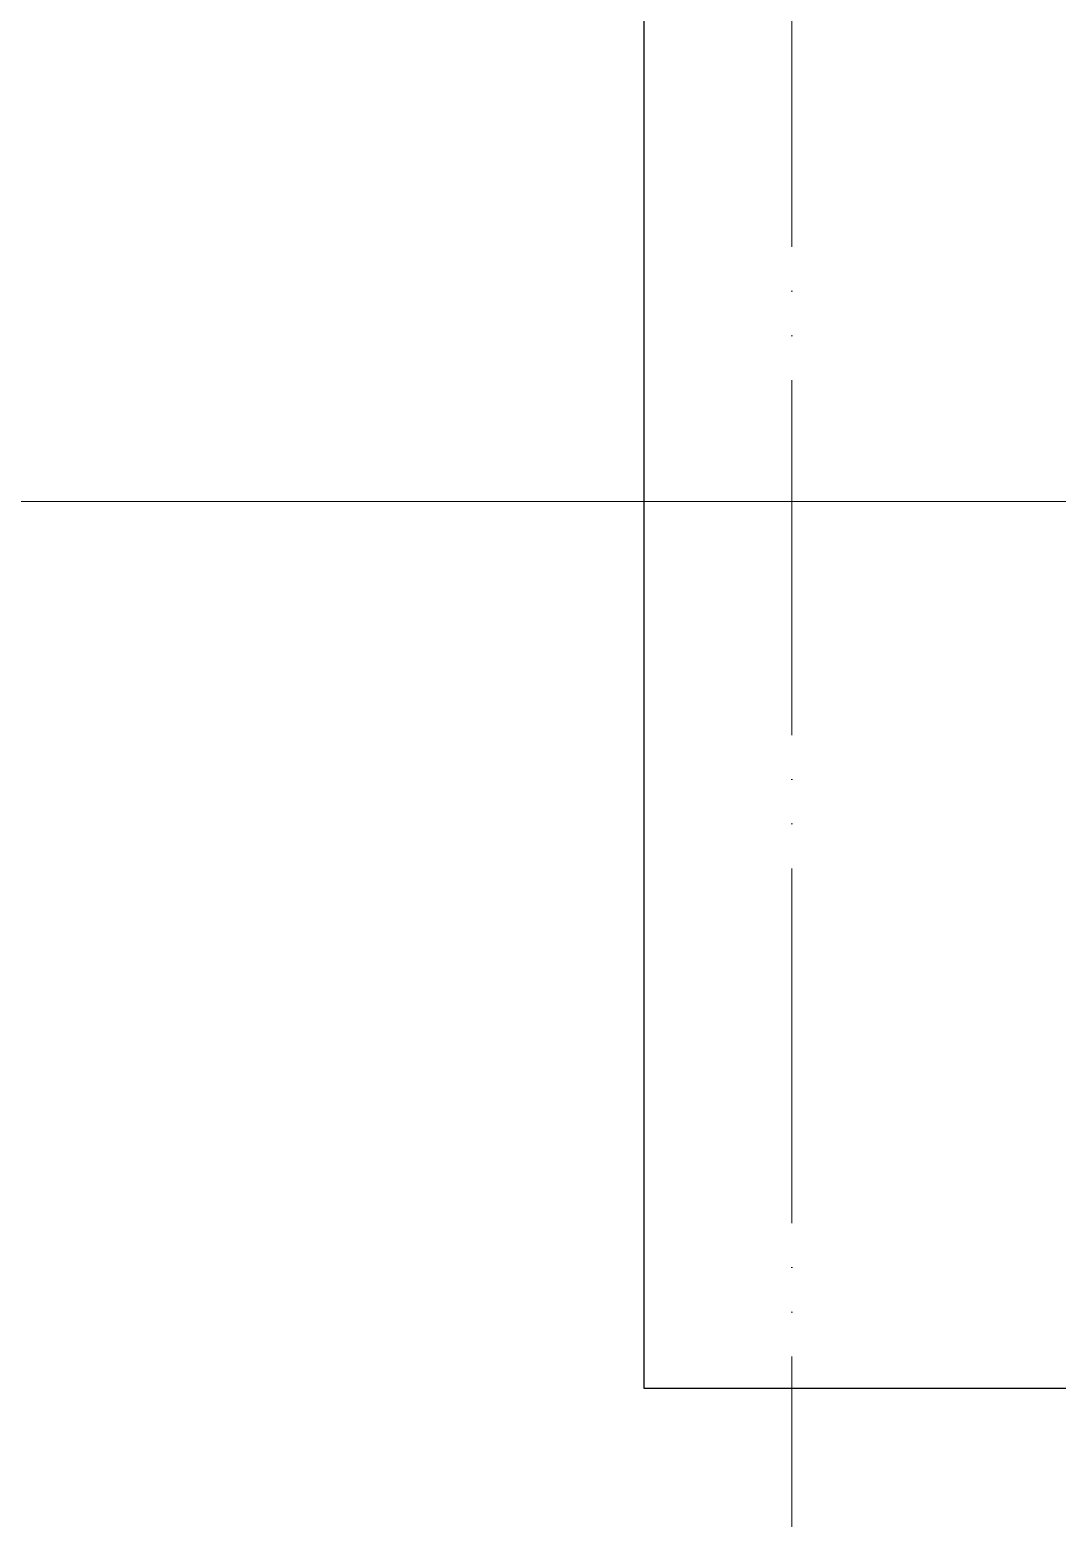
# Model space of a CAD drawing. Header units: millimetres. Extents: x 163705 to 1616509, y 81827 to 302547.
# Drawn here: x 213412 to 214107, y 142372 to 143379 of the extents above; entities that cross this region are included whole.
import ezdxf

# ---------------------------------------------------------------- set-up
doc = ezdxf.new("R2010")
doc.units = ezdxf.units.MM
doc.header["$LTSCALE"] = 10
doc.linetypes.add('ACAD_ISO05W100', pattern=[33, 24, -3, 0, -3, 0, -3])
doc.linetypes.add('CENTER2', pattern=[28.575, 19.05, -3.175, 3.175, -3.175])
for name, color, linetype, lineweight in [('1-中心线', 1, 'CENTER2', 0), ('1-双点线', 8, 'ACAD_ISO05W100', 0), ('1-建筑轮廓', 7, 'Continuous', 20), ('1-护栏', 4, 'Continuous', 18)]:
    doc.layers.add(name, color=color, linetype=linetype, lineweight=lineweight)

# ---------------------------------------------------------------- blocks, each defined once
blk = doc.blocks.new('G$C5C029050')
at = {"layer": '1-双点线'}
blk.add_line((32218.6, 77039.4), (32218.6, 45039.4), dxfattribs=at)
blk = doc.blocks.new('A$C2f6614b9')
at = {"layer": '1-护栏'}
blk.add_lwpolyline([(0, 450), (17263.8, 450), (17263.8, 7650), (0, 7650)], close=True, dxfattribs=at)
blk = doc.blocks.new('A$C7121566b')
at = {"layer": '1-中心线'}
blk.add_line((0, 2500.1), (52009.9, 2500.1), dxfattribs=at)

msp = doc.modelspace()

# ---------------------------------------------------------------- linework, layer by layer
msp.add_lwpolyline([(213827.833, 142459.632), (213827.833, 150859.632), (217527.839, 150859.632), (217527.839, 142459.632)], close=True)
at = {"layer": '1-中心线'}
msp.add_line((183311.682, 143059.632), (261938.108, 143059.632), dxfattribs=at)

# ---------------------------------------------------------------- block references
for name, p in [('A$C7121566b', (209928.183, 140559.499)), ('A$C2f6614b9', (200127.833, 142609.632))]:
    msp.add_blockref(name, p)
at = {"layer": '1-建筑轮廓'}
msp.add_blockref('G$C5C029050', (181709.24, 95820.209), dxfattribs=at)

doc.saveas('drawing.dxf')
--- --- ---
What you will do>
Leave out the pictures and give the listing above again exactly.

Response>
# Model space of a CAD drawing. Header units: millimetres. Extents: x 163705 to 1616509, y 81827 to 302547.
# Drawn here: x 213412 to 214107, y 142372 to 143379 of the extents above; entities that cross this region are included whole.
import ezdxf

# ---------------------------------------------------------------- set-up
doc = ezdxf.new("R2010")
doc.units = ezdxf.units.MM
doc.header["$LTSCALE"] = 10
doc.linetypes.add('ACAD_ISO05W100', pattern=[33, 24, -3, 0, -3, 0, -3])
doc.linetypes.add('CENTER2', pattern=[28.575, 19.05, -3.175, 3.175, -3.175])
for name, color, linetype, lineweight in [('1-中心线', 1, 'CENTER2', 0), ('1-双点线', 8, 'ACAD_ISO05W100', 0), ('1-建筑轮廓', 7, 'Continuous', 20), ('1-护栏', 4, 'Continuous', 18)]:
    doc.layers.add(name, color=color, linetype=linetype, lineweight=lineweight)

# ---------------------------------------------------------------- blocks, each defined once
blk = doc.blocks.new('G$C5C029050')
at = {"layer": '1-双点线'}
blk.add_line((32218.6, 77039.4), (32218.6, 45039.4), dxfattribs=at)
blk = doc.blocks.new('A$C2f6614b9')
at = {"layer": '1-护栏'}
blk.add_lwpolyline([(0, 450), (17263.8, 450), (17263.8, 7650), (0, 7650)], close=True, dxfattribs=at)
blk = doc.blocks.new('A$C7121566b')
at = {"layer": '1-中心线'}
blk.add_line((0, 2500.1), (52009.9, 2500.1), dxfattribs=at)

msp = doc.modelspace()

# ---------------------------------------------------------------- linework, layer by layer
msp.add_lwpolyline([(213827.833, 142459.632), (213827.833, 150859.632), (217527.839, 150859.632), (217527.839, 142459.632)], close=True)
at = {"layer": '1-中心线'}
msp.add_line((183311.682, 143059.632), (261938.108, 143059.632), dxfattribs=at)

# ---------------------------------------------------------------- block references
for name, p in [('A$C7121566b', (209928.183, 140559.499)), ('A$C2f6614b9', (200127.833, 142609.632))]:
    msp.add_blockref(name, p)
at = {"layer": '1-建筑轮廓'}
msp.add_blockref('G$C5C029050', (181709.24, 95820.209), dxfattribs=at)

doc.saveas('drawing.dxf')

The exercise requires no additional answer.